# Modern Arnis Seminar in Ohio



## Mao (Jul 2, 2003)

Hello All,
  On August 9, 2003 from 12-4 pm, Modern Arnis of Ohio will host a seminar on modern arnis. The topics will include single stick, double stick, knife work and empty hand tactics. The location is the Hilliard Budo Center unit 4, 3840 Lacon rd. Hilliard, Ohio 43026. The seminar will be taught by Guro Dan McConnell. His experience and  relaxed teaching style is always enjoyable, if I do say so myself! The cost will be $50. in advance and $65. at the door. IMAF members can enjoy a 10% discount with their passports. If you would like a flyer, please e-mail modernarnisofohio@yahoo.com . We hope to see you there.

Modern Arnis of Ohio


----------



## TallAdam85 (Jul 5, 2003)

Hay how far is it away from detriot? 

open to modern arnis styles and feds 
is it for everyone or for only people who been in arnis for awhile. 
Also if we get a few people will we get a discount?
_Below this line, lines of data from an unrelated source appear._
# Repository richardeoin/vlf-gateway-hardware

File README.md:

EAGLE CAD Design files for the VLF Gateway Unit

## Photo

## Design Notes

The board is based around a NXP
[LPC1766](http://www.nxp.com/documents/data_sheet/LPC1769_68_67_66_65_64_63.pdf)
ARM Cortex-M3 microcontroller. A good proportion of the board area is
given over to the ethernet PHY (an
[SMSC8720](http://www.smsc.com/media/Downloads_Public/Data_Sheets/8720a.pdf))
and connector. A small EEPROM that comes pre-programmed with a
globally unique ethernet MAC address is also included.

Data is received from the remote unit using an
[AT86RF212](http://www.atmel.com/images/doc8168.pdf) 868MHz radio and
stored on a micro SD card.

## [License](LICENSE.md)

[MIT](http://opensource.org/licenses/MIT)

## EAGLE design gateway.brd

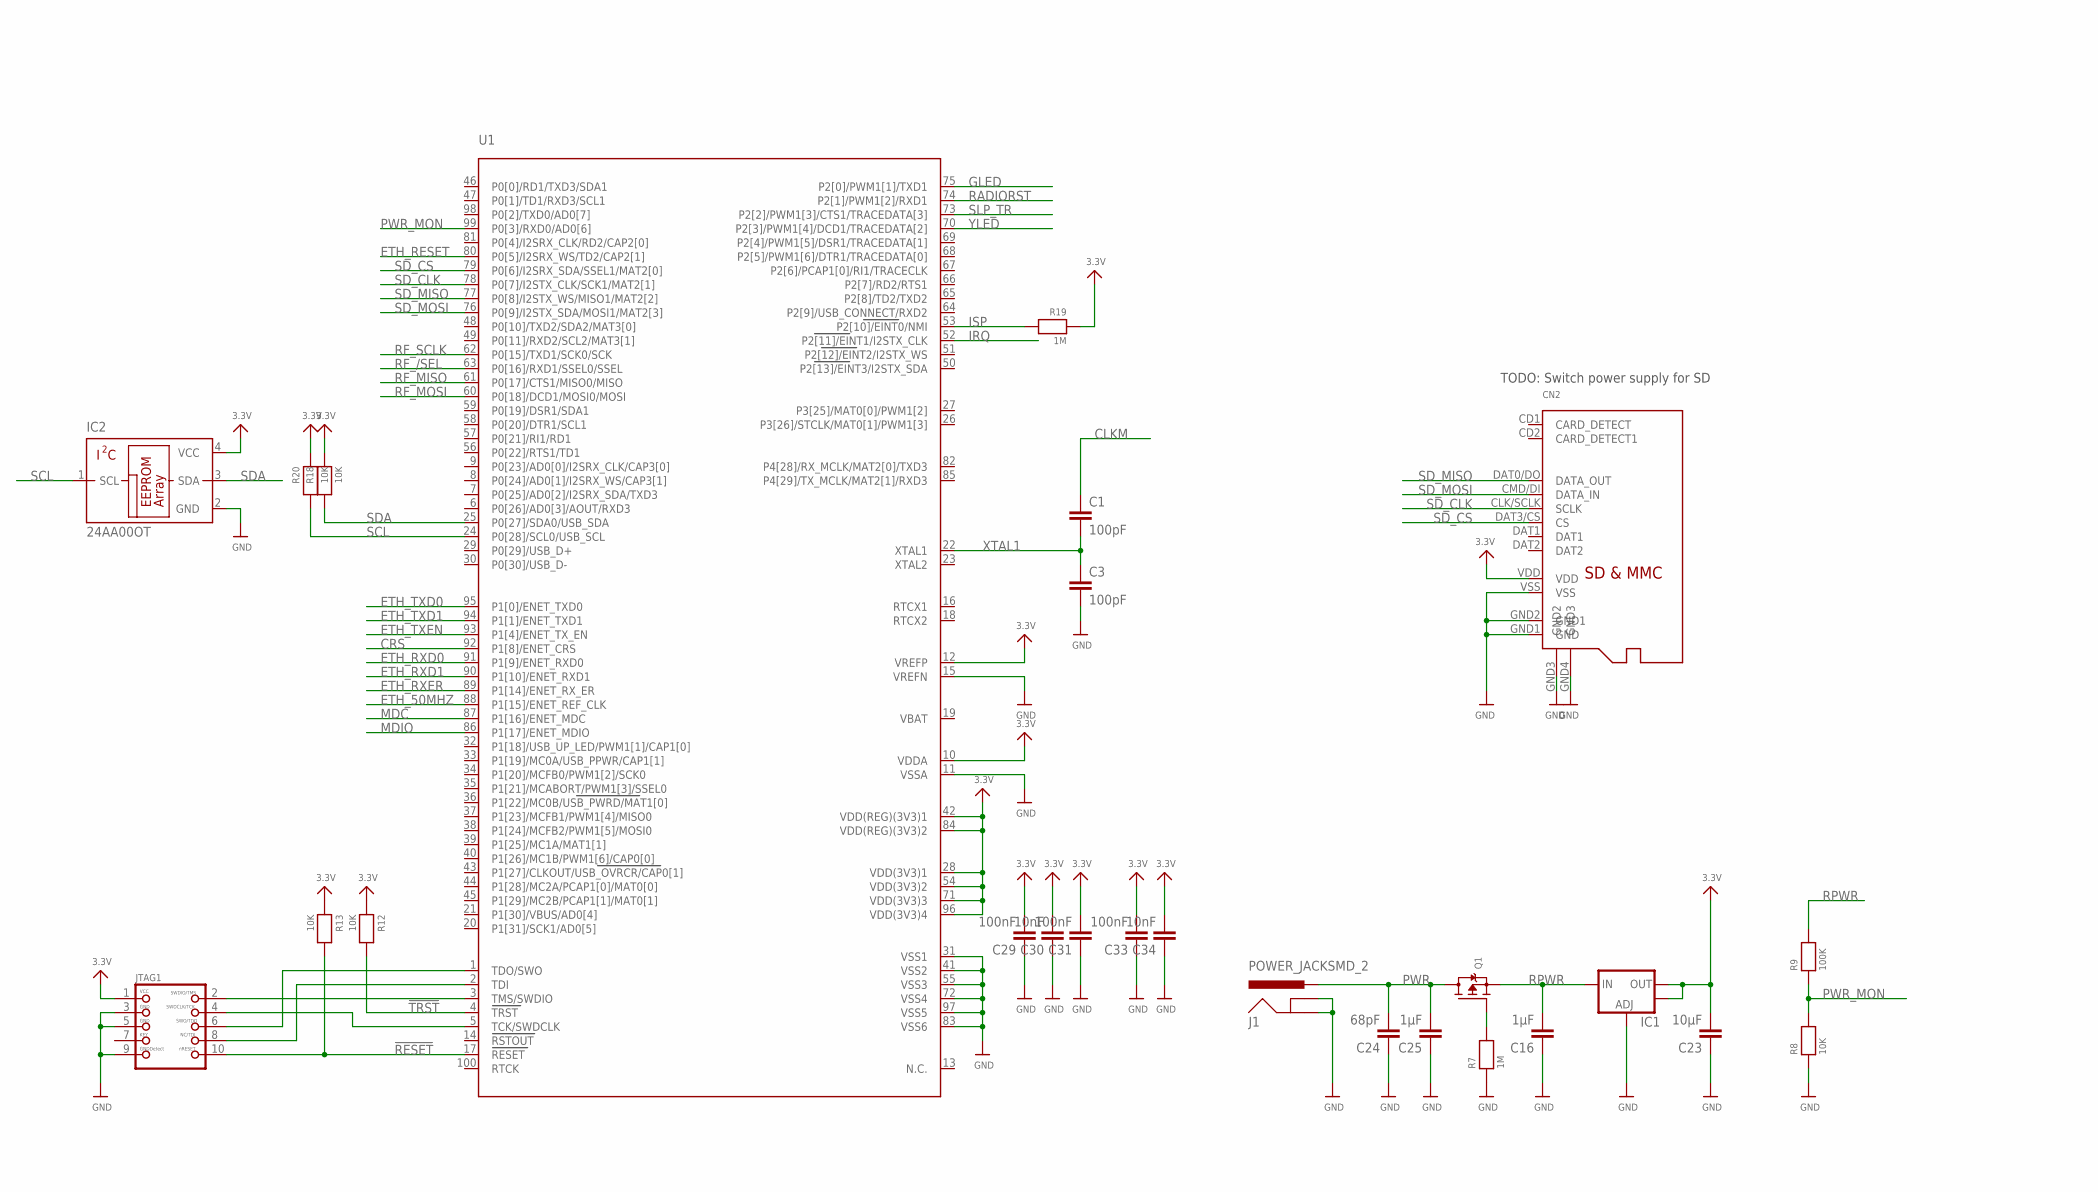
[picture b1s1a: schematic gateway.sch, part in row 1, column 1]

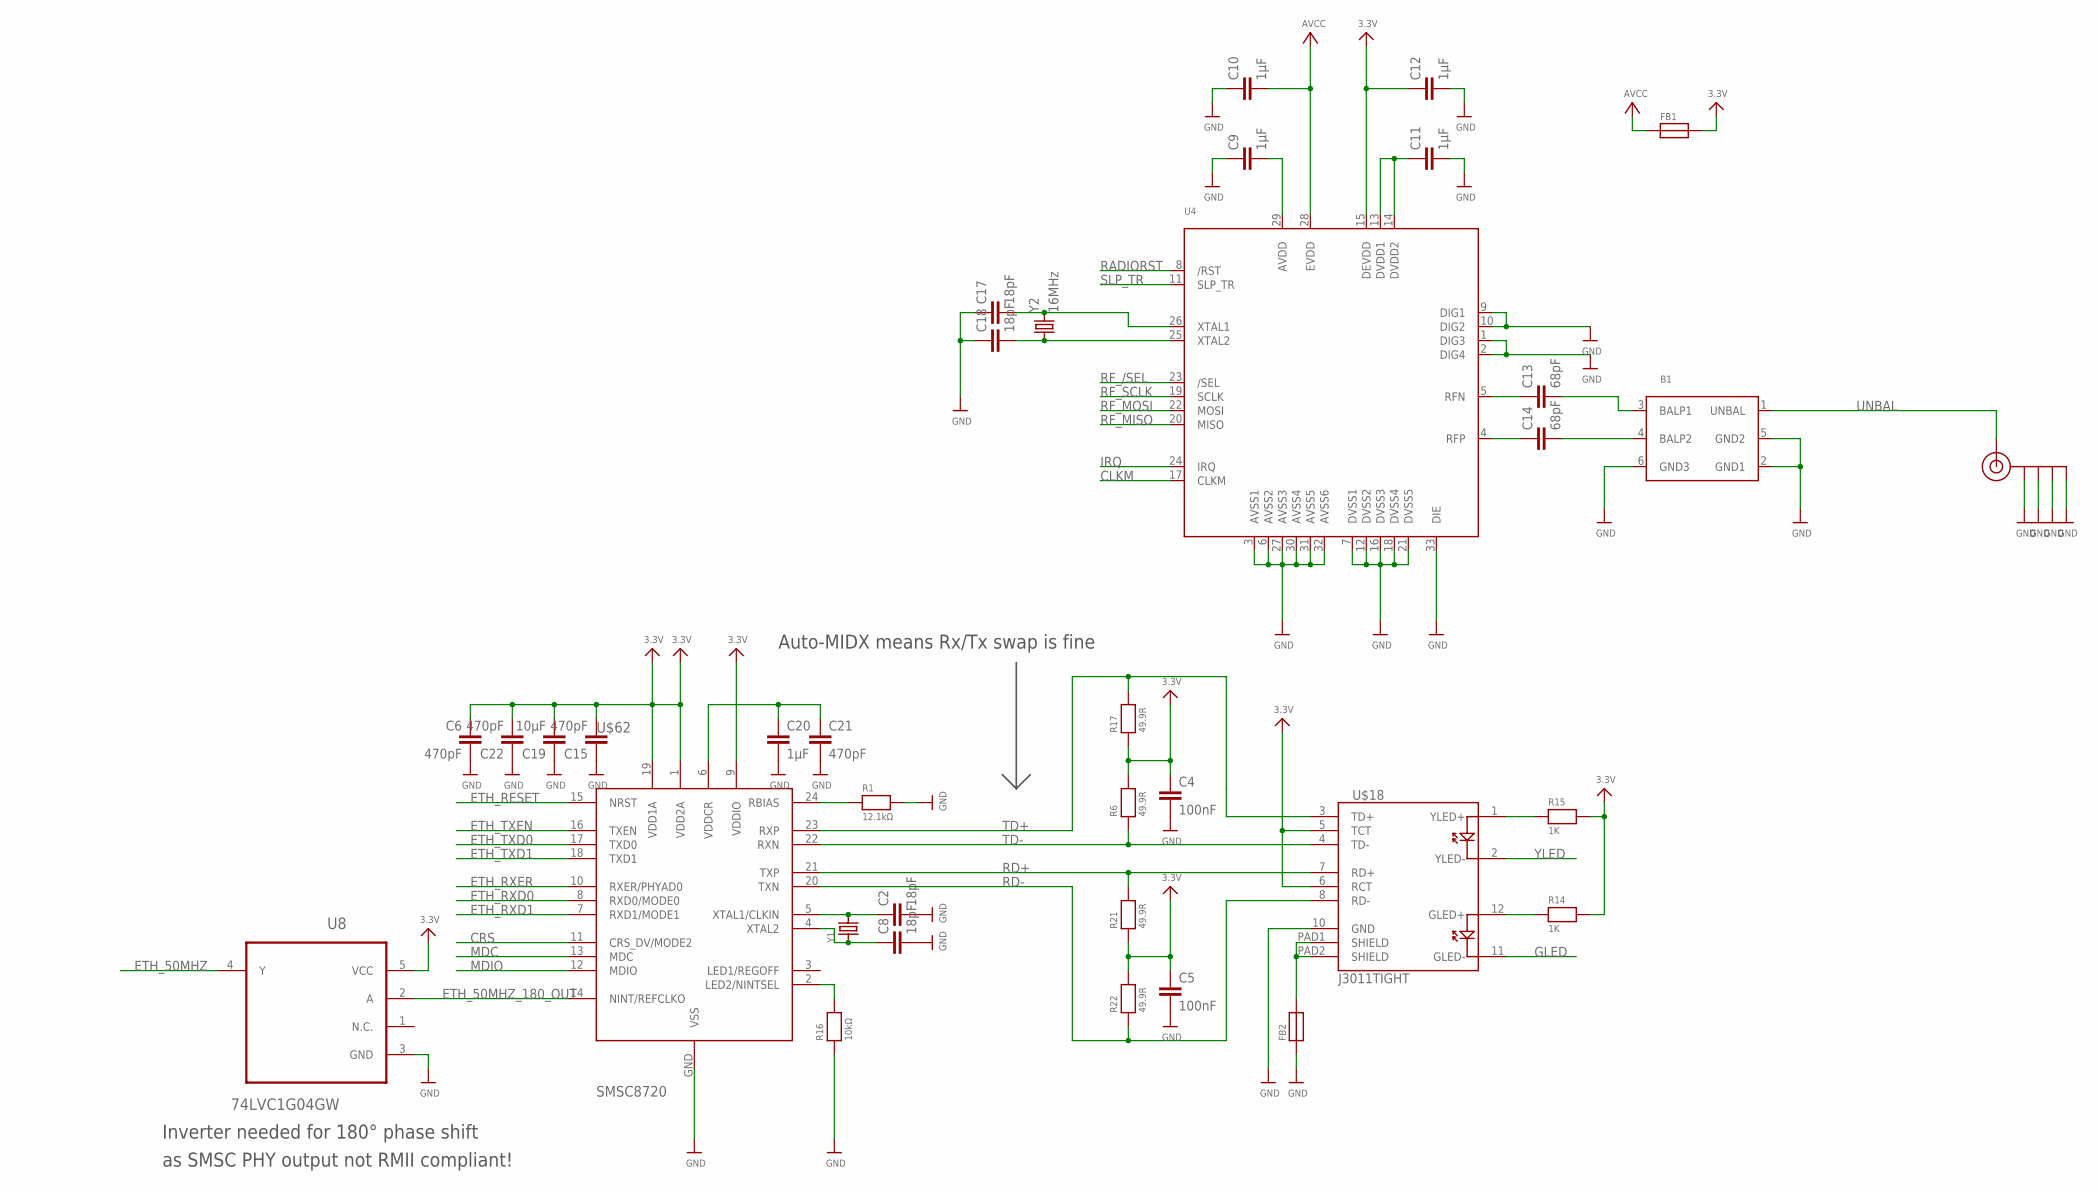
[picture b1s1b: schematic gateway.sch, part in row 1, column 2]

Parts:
B1: BALUN+LP; BALUN0805
C1, C3: 100pF; C0603K
C2, C8, C17, C18: 18pF; C0603K
C4, C5: 100nF; C1206
C6, C15, C21, C22: 470pF; C0603K
C9, C10, C11, C12, C16, C20, C25: 1µF; C0603K
C13, C14, C24: 68pF; C0603K
C19, C23: 10µF; C0603K
C29, C31, C33: 100nF; C0603K
C30, C34: 10nF; C0603K
CN2: MICROSDDM3B; MICROSD_DM3B
FB1, FB2: FERRITE; 0603
IC1: V_REG_LM1117SOT223; SOT223
IC2: 24AA00OT; SOT23-5L
J1: POWER_JACKSMD_2; POWER_JACK_SMD_2
J$1: SMA_EDGE; SMA-EDGE
JTAG1: JTAG-CORTEXM3; 2X05_1.27MM_SMT
Q1: MOSFET-P; SOT23-R
R1: 12.1kΩ; 0603-MINI
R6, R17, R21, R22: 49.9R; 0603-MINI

Can we get a better discount if we bring like 5-10 people?

thanks

adam 
:jediduel:


----------



## progressivetactics (Jul 5, 2003)

Well...no one wants to go to ohio...couldnt you change the location?

just kidding......people do like to go to cedar pointe, in Ohio.


Can you send me info?
progressivetact@aol.com

and
po box 664
dearborn heights, Mi
48127

thanks,

I would like to support this event.


----------



## TallAdam85 (Jul 5, 2003)

Hay i got an idea after the seminar we could get some people from it to go to ceader point after it? Hows that sound?

Send me some info to Or just reply





thanks 
adam 

:redeme:


----------



## TallAdam85 (Jul 5, 2003)

Hay contact me 
FartMasterFlash@aol.com
   or 
ModernDay Ninja@aol.com

 but please do it soon so me and master barker can get people to come 
and tell us if u can give a group discount.



adam


----------



## Mao (Jul 5, 2003)

The seminar is open to all styles and all skill levels. It is about a 4 hour drive to E. Lansing, add Detroit. Bring 3 people and the 4th is free. Just keep using that formula for how many people you want to bring. I will mail flyers to the snail mail address that was provided since it appears that you, TallAdam85 and progressivetactics, know each other. Thanks for your interest.
MAO


----------



## progressivetactics (Jul 5, 2003)

sounds good, but really........can't it be anywhere else buy ohio?
Don't you guys have the death penalty for parking violations, and casterations for speeding?  You guys are a tough state...and extremely boring to drive through!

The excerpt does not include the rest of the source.